6. Conceptual relations and distinctions

The three usages of TensorPool share a tensor emphasis but operate at different levels of abstraction. The AI-native RAN TensorPool is a domain-specialized many-core processor with 256 PEs + 16 TEs, intended for on-premises AI-RAN inference (channel estimation, beamforming, MIMO detection, etc.) and designed around high-throughput tensor computations dominating AI-Native PHYs (Bertuletti et al., 2 Apr 2026). The action-recognition TensorPool is a descriptor construction that aggregates second- and higher-order statistics and applies attention and EPN to mitigate burstiness (Wang et al., 2021).
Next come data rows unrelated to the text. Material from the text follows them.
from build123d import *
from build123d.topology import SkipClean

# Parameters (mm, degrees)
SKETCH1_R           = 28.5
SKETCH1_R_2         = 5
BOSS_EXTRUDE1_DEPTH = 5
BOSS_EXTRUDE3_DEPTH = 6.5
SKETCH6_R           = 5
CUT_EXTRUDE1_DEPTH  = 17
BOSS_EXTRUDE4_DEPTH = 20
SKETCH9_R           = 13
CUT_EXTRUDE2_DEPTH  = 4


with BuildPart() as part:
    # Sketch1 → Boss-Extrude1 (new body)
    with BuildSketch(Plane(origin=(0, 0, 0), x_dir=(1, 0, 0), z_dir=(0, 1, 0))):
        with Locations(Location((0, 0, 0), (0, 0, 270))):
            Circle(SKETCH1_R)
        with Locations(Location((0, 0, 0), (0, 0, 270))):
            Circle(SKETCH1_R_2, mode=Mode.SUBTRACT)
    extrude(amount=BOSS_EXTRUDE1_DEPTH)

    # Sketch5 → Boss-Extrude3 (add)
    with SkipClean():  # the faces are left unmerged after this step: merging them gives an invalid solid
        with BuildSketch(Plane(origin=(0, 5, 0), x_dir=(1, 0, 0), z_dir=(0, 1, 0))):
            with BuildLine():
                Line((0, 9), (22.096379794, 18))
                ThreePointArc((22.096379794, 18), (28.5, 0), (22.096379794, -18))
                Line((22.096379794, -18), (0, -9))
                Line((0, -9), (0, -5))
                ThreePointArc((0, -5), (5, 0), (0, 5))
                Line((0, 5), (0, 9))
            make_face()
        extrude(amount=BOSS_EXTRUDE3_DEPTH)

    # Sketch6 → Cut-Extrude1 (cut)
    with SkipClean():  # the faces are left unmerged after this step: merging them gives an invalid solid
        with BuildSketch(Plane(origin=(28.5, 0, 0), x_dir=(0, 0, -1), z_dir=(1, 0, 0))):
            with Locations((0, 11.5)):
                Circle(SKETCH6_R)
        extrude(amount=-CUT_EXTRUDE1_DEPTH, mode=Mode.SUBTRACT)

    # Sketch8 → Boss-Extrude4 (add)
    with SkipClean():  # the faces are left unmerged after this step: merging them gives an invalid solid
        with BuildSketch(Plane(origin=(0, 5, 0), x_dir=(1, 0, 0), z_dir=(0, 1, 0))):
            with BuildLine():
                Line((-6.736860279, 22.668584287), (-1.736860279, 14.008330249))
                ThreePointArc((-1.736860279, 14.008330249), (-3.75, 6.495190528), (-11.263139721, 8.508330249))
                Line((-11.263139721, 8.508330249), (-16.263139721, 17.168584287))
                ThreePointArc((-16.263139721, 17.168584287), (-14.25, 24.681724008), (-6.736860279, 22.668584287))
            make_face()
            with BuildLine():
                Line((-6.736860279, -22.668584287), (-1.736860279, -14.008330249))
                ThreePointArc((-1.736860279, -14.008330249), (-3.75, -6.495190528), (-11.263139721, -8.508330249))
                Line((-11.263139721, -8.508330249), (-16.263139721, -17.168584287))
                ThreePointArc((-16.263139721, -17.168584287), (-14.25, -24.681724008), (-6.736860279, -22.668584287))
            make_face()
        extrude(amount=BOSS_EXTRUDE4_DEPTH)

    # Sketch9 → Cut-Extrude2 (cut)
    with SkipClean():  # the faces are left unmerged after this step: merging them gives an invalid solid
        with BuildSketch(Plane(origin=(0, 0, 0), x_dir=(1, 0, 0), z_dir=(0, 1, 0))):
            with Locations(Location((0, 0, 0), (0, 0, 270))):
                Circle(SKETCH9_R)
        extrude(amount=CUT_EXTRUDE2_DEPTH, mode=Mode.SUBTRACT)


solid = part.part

The GNN TensorPool is a rank-controlled multilinear pooling layer that uses symmetric CP decomposition to model high-order non-linear node interactions while remaining permutation-invariant (Hua et al., 2022).

A common misconception is that these are variants of the same algorithm. The cited literature does not support that interpretation. Instead, the shared name spans three separate technical objects: a processor, a video descriptor pipeline, and a GNN layer. Their commonality lies in using tensor structure as the central design axis—compute specialization in one case, high-order statistical pooling in another, and multilinear invariant aggregation in the third.

Taken together, these works show that “TensorPool” has been attached to tensor-centric solutions for three different bottlenecks: sub-ms, power-constrained AI-native PHY execution; burstiness-aware high-order video representation; and expressive permutation-invariant graph aggregation. This suggests that the name functions more as a descriptor of tensor-oriented pooling or execution than as a single canonical method.